**WORKING DATA**

____________

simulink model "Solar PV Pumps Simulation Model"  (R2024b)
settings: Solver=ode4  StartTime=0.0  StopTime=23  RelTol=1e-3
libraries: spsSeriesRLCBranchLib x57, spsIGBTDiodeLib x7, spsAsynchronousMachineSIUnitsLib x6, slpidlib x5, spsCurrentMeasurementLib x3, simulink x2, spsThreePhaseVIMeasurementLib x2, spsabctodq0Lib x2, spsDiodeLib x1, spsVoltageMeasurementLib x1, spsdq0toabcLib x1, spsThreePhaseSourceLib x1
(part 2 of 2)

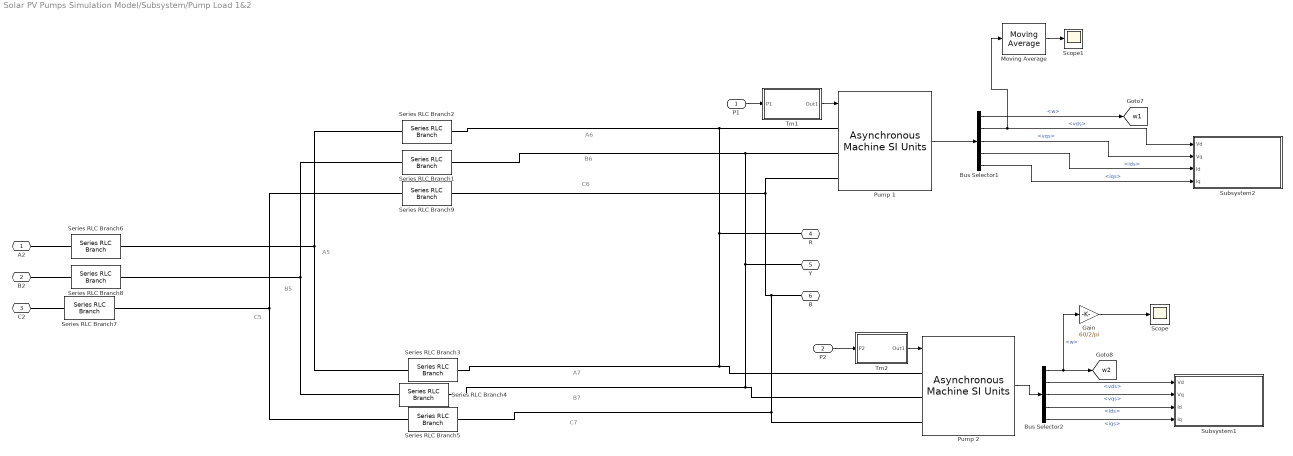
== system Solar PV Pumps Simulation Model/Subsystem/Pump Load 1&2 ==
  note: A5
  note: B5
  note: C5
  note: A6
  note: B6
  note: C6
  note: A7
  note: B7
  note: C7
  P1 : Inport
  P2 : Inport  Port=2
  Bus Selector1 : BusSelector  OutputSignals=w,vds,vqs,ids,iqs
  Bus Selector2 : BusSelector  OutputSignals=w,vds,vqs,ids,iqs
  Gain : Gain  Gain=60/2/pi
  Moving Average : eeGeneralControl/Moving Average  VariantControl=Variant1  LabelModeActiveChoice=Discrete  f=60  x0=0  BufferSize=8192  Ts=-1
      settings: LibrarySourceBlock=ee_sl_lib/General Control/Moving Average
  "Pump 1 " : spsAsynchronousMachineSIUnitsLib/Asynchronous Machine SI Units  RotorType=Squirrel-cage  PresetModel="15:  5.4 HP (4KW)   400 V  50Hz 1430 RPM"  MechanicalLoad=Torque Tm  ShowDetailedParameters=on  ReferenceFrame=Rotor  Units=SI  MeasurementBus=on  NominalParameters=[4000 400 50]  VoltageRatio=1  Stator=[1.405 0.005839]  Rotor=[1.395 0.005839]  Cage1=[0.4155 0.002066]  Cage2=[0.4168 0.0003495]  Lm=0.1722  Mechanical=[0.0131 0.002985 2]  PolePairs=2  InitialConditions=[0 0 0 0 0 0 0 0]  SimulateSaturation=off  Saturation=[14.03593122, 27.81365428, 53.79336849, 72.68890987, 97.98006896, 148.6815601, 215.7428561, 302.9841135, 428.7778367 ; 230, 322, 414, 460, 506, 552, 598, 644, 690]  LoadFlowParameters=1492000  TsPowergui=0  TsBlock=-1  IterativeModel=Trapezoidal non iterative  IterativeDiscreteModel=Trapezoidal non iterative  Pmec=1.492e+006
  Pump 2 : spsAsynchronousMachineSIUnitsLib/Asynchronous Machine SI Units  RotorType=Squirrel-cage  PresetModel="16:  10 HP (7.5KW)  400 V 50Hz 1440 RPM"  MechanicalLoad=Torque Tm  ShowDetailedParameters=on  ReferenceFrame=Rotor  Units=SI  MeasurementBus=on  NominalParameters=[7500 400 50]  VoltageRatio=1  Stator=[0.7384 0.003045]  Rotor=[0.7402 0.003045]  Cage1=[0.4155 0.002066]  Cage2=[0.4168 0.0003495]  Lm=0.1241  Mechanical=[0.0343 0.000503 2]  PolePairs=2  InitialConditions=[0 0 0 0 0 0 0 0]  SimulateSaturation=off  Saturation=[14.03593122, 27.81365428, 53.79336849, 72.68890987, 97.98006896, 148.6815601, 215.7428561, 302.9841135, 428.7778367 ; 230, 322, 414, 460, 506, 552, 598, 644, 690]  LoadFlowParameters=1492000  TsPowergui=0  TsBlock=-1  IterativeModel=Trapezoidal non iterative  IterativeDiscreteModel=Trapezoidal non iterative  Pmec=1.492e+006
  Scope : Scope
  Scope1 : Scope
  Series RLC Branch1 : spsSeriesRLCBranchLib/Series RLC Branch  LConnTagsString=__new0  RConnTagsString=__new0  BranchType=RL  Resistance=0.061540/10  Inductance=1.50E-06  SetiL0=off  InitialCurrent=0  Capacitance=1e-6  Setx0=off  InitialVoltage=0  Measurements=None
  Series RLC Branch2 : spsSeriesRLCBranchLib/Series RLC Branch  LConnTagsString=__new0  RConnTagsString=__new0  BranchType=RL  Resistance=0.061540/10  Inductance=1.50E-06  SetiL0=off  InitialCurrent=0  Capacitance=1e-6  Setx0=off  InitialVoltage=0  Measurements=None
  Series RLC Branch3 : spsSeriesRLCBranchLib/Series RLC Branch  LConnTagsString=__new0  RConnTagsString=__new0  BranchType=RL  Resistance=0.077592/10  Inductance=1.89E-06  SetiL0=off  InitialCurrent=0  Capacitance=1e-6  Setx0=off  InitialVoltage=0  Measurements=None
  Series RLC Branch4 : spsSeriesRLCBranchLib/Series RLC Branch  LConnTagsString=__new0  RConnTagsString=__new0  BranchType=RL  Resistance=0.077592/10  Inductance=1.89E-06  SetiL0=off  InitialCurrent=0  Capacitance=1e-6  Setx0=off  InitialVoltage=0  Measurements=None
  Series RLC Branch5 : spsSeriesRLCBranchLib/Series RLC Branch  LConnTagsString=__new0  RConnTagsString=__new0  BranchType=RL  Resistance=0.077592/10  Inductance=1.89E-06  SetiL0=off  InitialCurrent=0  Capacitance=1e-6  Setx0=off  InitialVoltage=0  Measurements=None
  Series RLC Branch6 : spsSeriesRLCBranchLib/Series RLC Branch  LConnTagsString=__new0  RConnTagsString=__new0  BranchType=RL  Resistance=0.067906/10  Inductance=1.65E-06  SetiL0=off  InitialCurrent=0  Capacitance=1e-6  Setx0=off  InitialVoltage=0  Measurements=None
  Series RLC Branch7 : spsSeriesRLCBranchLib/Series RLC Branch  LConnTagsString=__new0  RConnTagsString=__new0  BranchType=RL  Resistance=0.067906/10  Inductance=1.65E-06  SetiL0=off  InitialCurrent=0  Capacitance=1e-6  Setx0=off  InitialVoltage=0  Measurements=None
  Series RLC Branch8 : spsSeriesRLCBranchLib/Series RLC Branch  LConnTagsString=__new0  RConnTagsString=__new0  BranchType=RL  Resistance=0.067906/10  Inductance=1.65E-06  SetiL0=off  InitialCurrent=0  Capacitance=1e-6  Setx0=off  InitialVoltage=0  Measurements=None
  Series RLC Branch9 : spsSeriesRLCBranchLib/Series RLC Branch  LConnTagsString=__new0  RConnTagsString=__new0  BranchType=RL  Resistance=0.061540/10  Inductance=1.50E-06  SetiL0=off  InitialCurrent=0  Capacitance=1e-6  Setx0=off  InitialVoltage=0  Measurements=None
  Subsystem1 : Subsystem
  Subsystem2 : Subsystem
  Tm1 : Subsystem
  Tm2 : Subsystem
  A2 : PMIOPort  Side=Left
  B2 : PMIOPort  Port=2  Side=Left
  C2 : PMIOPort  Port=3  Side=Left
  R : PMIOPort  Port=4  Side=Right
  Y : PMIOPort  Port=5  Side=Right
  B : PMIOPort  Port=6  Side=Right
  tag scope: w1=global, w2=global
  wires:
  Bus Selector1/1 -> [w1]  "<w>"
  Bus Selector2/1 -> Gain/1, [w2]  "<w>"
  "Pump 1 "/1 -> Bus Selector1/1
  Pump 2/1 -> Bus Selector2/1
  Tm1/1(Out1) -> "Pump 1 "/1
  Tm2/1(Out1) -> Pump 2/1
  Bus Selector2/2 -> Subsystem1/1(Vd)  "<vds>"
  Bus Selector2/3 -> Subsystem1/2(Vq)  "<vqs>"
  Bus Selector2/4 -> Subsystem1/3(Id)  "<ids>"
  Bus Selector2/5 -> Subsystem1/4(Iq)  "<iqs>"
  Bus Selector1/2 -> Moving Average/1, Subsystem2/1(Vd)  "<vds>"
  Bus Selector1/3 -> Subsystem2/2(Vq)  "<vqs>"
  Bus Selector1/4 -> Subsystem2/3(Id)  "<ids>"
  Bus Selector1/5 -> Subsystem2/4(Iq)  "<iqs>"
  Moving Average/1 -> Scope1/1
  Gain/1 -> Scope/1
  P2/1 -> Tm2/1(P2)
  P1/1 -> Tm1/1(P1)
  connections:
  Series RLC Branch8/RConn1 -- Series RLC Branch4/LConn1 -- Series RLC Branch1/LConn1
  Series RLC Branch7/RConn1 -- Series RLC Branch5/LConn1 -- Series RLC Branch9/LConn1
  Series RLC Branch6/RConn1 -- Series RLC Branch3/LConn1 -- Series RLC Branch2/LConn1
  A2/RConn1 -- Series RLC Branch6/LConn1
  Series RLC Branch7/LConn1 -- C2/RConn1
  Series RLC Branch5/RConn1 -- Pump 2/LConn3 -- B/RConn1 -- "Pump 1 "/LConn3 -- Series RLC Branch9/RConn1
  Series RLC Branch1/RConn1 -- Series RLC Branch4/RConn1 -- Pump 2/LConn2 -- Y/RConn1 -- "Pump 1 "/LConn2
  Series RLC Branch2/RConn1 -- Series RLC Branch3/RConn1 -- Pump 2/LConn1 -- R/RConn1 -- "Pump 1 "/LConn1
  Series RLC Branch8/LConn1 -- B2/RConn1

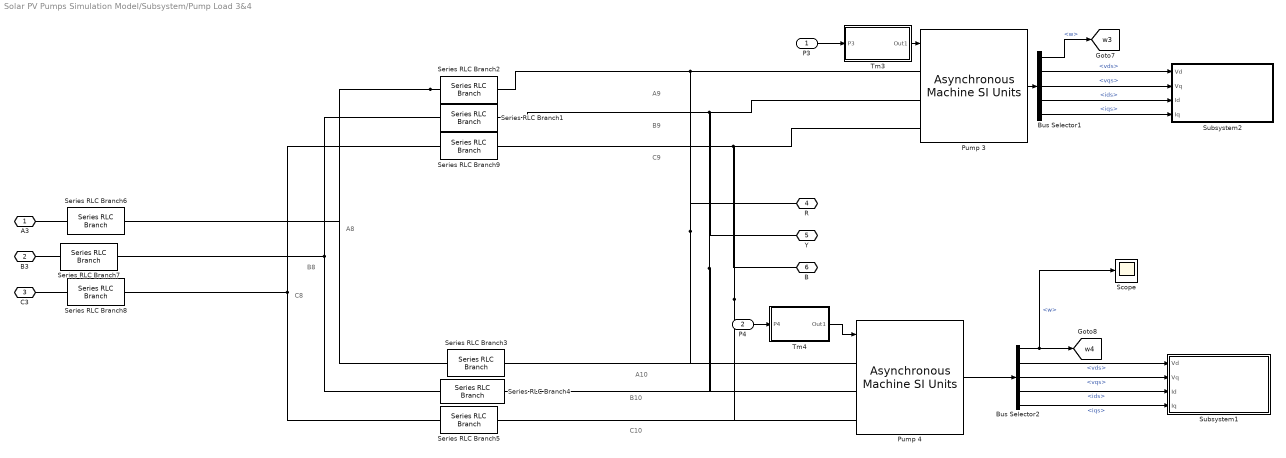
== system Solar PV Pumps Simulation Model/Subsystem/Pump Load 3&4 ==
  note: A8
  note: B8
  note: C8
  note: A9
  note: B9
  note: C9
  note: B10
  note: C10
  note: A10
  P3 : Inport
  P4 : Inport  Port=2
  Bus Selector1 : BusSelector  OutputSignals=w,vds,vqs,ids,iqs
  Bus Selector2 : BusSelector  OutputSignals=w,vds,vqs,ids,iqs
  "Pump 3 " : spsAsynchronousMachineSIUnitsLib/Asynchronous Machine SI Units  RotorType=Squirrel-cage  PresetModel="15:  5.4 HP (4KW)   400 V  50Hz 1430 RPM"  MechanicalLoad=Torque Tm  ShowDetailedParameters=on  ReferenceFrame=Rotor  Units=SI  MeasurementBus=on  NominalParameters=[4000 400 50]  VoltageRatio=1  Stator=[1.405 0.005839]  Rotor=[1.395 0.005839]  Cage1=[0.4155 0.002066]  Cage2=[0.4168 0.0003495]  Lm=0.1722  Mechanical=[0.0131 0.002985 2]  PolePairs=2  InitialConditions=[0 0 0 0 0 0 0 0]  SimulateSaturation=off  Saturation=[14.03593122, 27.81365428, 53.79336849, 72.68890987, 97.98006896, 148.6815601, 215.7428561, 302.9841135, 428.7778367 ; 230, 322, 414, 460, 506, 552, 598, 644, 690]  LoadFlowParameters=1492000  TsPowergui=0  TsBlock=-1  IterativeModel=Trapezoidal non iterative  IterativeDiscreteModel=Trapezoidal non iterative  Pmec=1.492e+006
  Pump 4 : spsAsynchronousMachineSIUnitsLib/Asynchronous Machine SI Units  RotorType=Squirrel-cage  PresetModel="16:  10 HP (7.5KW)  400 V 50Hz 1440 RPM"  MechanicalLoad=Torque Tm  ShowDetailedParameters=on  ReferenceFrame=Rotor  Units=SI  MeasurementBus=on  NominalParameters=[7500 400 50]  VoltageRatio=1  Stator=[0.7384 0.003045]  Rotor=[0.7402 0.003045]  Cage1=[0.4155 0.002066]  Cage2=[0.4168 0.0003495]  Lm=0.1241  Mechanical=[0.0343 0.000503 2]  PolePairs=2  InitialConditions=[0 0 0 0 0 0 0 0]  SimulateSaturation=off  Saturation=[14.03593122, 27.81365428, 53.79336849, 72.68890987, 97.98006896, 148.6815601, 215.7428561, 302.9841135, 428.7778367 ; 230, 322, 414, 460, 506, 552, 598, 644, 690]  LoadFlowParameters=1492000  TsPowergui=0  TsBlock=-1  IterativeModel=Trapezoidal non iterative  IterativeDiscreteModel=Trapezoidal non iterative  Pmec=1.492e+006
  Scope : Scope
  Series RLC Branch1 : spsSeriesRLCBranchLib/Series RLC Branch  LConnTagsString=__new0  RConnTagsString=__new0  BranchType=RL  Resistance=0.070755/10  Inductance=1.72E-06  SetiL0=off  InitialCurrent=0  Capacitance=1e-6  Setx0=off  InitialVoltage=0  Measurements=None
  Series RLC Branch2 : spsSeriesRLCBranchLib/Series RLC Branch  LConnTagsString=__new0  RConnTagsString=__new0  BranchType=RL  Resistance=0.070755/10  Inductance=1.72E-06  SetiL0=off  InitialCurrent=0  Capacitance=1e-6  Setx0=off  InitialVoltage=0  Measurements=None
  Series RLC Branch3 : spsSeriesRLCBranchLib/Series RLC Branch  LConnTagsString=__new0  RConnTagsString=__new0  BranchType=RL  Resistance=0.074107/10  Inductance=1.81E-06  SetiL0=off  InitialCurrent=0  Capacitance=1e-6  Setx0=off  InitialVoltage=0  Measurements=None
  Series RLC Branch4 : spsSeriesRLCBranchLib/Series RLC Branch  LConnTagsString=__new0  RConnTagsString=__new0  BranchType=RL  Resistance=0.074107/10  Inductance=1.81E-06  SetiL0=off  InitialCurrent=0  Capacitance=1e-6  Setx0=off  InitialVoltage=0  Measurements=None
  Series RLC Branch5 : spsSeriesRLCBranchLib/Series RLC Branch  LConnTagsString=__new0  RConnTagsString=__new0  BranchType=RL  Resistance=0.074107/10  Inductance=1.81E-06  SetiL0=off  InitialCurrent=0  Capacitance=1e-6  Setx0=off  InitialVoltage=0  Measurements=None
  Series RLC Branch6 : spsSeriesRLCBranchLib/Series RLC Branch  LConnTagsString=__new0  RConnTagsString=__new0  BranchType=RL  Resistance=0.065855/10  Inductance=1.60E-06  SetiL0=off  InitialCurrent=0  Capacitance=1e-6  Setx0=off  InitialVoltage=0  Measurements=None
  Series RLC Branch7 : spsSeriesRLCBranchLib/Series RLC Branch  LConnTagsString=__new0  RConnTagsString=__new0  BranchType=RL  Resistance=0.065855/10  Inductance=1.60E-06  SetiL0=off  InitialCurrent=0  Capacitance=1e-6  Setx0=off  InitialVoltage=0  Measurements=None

____________

**REQUIRED WORK**
Wherever the word "Average" shows up in the material, copy the line it is on.

**ANSWER TO THIS PROBLEM**
  Moving Average : eeGeneralControl/Moving Average  VariantControl=Variant1  LabelModeActiveChoice=Discrete  f=60  x0=0  BufferSize=8192  Ts=-1
      settings: LibrarySourceBlock=ee_sl_lib/General Control/Moving Average
  Bus Selector1/2 -> Moving Average/1, Subsystem2/1(Vd)  "<vds>"
  Moving Average/1 -> Scope1/1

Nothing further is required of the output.